REQUIREMENT = Since only part of the material is needed, please repeat exactly the line that includes "#160=VERTEX_POINT('',#159);" and every line after it, up to the last.

DATA SUPPLIED =
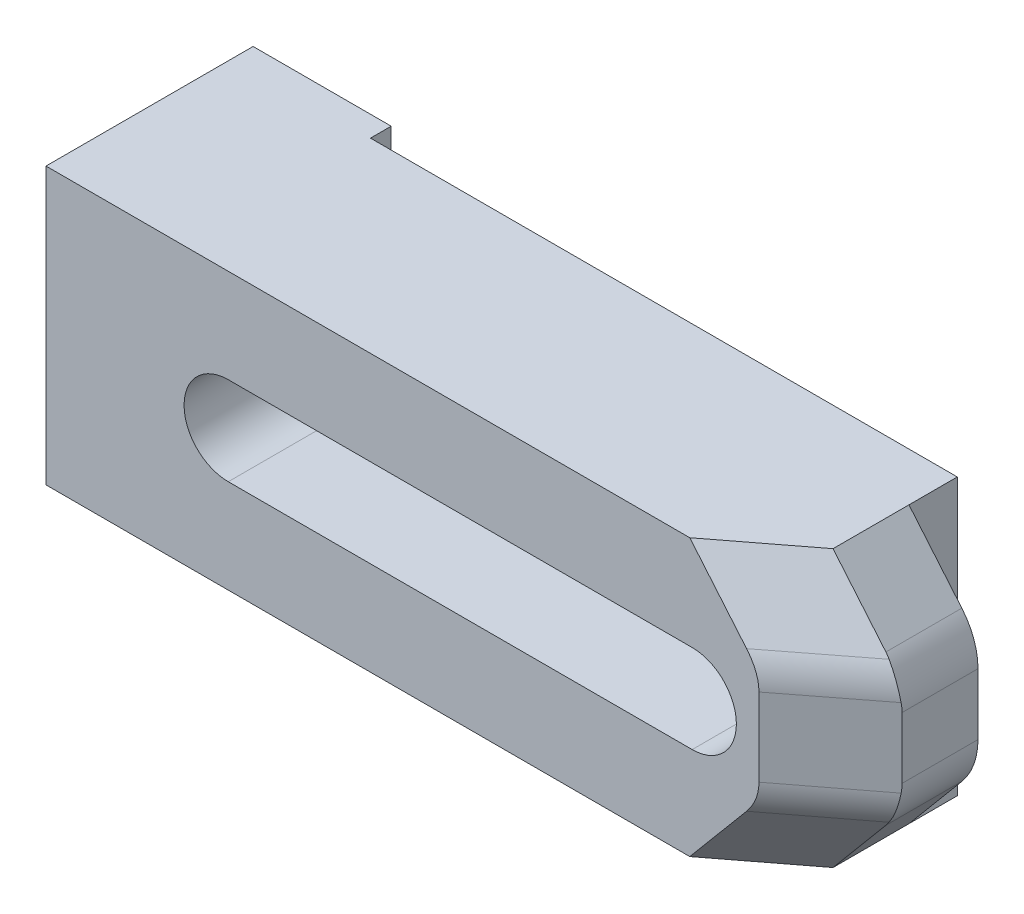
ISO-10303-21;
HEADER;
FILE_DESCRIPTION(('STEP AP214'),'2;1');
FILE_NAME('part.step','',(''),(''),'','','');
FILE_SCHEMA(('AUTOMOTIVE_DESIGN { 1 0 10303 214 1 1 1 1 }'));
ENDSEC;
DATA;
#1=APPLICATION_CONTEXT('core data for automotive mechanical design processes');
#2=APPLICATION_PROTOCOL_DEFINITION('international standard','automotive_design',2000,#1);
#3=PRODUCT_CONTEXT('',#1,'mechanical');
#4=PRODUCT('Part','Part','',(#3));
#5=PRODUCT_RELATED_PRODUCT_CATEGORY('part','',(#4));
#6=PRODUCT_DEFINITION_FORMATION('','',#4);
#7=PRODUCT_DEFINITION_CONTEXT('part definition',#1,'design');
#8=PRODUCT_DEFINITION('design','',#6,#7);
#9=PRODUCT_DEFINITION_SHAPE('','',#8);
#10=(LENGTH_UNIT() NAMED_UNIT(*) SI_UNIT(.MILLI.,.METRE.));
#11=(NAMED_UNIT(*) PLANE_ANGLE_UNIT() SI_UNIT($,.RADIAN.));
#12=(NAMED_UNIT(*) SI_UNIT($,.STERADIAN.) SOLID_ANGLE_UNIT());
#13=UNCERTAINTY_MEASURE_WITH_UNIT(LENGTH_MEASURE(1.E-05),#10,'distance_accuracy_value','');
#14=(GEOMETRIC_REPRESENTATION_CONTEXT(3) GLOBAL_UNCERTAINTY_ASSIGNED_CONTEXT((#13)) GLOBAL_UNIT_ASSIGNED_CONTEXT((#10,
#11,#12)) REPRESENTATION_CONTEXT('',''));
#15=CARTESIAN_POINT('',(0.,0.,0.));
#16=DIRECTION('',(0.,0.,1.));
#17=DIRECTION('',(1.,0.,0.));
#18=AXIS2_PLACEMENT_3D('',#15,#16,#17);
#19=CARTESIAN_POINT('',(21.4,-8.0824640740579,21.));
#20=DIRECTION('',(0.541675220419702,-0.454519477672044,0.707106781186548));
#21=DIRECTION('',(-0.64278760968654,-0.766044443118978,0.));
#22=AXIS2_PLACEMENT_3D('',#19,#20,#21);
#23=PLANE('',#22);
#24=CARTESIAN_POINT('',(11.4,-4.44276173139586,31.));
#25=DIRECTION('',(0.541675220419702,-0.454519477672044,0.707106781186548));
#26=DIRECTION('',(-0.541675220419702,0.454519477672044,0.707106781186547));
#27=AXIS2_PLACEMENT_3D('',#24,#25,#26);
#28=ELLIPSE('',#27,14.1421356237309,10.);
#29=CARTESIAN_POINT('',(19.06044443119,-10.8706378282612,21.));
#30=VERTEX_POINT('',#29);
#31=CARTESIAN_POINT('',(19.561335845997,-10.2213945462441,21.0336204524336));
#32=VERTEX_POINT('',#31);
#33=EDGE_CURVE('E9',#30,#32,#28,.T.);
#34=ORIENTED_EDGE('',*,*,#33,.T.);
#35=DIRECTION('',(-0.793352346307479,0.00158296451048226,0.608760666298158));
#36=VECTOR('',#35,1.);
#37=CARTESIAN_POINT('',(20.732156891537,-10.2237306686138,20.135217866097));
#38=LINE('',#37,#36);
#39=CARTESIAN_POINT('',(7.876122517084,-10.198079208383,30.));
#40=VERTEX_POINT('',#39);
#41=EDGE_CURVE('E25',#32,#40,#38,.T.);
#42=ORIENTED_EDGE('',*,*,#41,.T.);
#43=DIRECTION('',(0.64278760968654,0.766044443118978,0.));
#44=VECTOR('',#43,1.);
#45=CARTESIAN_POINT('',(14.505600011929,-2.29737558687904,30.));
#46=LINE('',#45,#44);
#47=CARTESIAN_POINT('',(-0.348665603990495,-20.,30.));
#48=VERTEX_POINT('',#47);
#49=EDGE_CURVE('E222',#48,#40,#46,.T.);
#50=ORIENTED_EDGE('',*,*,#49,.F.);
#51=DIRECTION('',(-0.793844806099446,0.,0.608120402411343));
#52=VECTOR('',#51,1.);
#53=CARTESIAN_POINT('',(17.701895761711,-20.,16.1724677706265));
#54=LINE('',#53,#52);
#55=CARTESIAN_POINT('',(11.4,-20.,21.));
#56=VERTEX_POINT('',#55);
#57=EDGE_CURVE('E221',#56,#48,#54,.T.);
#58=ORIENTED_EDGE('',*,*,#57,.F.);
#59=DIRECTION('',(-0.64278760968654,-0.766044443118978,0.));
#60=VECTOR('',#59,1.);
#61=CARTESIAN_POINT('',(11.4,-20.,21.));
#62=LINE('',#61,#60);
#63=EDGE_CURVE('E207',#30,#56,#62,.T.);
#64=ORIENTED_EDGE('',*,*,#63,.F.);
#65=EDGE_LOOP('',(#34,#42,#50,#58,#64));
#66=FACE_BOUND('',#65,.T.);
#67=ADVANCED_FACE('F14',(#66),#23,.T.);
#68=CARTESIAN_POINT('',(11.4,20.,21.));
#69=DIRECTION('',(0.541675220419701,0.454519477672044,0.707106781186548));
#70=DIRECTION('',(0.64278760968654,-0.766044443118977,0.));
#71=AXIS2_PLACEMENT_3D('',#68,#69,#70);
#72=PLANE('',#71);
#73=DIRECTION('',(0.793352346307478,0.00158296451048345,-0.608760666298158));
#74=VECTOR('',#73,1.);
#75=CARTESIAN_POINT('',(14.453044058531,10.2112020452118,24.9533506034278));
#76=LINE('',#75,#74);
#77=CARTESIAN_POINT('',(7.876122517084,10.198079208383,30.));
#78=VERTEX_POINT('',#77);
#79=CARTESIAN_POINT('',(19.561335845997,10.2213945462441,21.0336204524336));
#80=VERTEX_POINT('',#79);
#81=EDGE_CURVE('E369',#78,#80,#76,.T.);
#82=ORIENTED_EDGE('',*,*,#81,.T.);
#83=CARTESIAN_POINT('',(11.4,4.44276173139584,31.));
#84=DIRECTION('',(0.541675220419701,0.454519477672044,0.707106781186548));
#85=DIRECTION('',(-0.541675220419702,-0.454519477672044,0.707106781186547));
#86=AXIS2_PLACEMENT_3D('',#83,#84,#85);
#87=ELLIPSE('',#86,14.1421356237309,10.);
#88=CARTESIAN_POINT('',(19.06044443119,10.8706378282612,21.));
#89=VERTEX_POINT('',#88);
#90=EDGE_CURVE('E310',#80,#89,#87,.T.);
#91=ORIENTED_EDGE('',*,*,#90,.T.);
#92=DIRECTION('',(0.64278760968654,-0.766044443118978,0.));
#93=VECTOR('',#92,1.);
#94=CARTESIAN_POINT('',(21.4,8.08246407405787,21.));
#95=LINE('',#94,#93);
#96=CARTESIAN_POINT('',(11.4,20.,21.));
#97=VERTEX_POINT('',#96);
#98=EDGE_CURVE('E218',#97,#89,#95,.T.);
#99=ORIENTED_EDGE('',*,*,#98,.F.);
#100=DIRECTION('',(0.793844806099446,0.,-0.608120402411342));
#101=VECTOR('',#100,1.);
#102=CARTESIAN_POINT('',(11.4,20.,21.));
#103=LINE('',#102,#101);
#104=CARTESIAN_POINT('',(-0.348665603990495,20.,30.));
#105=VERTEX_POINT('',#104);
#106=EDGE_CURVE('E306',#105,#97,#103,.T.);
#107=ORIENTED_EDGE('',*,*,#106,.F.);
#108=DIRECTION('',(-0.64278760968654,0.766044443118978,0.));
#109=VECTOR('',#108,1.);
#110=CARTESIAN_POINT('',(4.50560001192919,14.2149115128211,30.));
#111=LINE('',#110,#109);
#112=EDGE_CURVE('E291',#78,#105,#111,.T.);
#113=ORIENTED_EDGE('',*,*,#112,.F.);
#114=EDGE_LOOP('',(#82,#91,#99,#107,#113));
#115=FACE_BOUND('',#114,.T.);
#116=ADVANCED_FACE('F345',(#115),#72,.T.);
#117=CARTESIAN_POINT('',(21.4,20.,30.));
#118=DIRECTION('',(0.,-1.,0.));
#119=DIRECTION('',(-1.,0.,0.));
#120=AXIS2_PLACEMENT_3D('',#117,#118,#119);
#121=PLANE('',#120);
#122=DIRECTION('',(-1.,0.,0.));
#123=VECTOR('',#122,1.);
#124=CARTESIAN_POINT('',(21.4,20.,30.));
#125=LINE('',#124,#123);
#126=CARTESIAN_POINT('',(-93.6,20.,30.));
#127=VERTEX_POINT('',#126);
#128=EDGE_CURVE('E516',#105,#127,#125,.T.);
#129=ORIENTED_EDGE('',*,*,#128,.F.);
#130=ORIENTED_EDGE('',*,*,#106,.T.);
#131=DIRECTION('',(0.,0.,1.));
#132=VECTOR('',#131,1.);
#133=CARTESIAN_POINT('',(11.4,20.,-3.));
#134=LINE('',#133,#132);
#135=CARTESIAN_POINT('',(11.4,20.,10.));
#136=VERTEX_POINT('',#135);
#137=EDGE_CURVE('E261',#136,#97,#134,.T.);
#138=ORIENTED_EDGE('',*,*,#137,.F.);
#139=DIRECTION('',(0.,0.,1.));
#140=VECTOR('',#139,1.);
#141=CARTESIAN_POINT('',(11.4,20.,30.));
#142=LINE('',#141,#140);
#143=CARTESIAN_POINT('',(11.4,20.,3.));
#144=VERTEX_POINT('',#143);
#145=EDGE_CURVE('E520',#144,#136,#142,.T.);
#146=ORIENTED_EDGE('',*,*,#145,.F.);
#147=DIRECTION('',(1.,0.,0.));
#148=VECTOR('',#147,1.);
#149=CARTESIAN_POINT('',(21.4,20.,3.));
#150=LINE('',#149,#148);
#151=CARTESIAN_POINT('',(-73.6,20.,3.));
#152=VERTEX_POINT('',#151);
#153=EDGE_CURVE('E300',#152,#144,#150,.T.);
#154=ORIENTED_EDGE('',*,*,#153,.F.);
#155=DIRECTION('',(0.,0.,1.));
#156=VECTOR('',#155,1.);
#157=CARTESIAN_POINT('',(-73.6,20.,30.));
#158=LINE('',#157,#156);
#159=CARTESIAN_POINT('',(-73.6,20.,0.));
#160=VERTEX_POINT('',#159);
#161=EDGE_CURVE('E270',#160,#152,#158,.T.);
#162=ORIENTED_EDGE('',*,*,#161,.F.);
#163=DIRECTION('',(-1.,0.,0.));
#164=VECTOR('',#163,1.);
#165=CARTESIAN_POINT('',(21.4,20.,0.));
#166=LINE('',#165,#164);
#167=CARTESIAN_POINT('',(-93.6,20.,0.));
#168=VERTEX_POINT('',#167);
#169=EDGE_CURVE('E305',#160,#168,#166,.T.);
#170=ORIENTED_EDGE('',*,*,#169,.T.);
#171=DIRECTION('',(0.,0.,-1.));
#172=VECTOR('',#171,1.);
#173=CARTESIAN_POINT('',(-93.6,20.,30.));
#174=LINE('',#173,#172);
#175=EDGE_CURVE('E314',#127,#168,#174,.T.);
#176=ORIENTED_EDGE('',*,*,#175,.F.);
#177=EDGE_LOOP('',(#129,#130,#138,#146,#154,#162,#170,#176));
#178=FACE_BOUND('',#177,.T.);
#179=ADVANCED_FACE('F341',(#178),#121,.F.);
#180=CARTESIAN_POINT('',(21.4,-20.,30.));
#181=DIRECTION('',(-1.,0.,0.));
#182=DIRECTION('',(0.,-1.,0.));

RESULT BELOW =
#160=VERTEX_POINT('',#159);
#161=EDGE_CURVE('E270',#160,#152,#158,.T.);
#162=ORIENTED_EDGE('',*,*,#161,.F.);
#163=DIRECTION('',(-1.,0.,0.));
#164=VECTOR('',#163,1.);
#165=CARTESIAN_POINT('',(21.4,20.,0.));
#166=LINE('',#165,#164);
#167=CARTESIAN_POINT('',(-93.6,20.,0.));
#168=VERTEX_POINT('',#167);
#169=EDGE_CURVE('E305',#160,#168,#166,.T.);
#170=ORIENTED_EDGE('',*,*,#169,.T.);
#171=DIRECTION('',(0.,0.,-1.));
#172=VECTOR('',#171,1.);
#173=CARTESIAN_POINT('',(-93.6,20.,30.));
#174=LINE('',#173,#172);
#175=EDGE_CURVE('E314',#127,#168,#174,.T.);
#176=ORIENTED_EDGE('',*,*,#175,.F.);
#177=EDGE_LOOP('',(#129,#130,#138,#146,#154,#162,#170,#176));
#178=FACE_BOUND('',#177,.T.);
#179=ADVANCED_FACE('F341',(#178),#121,.F.);
#180=CARTESIAN_POINT('',(21.4,-20.,30.));
#181=DIRECTION('',(-1.,0.,0.));
#182=DIRECTION('',(0.,-1.,0.));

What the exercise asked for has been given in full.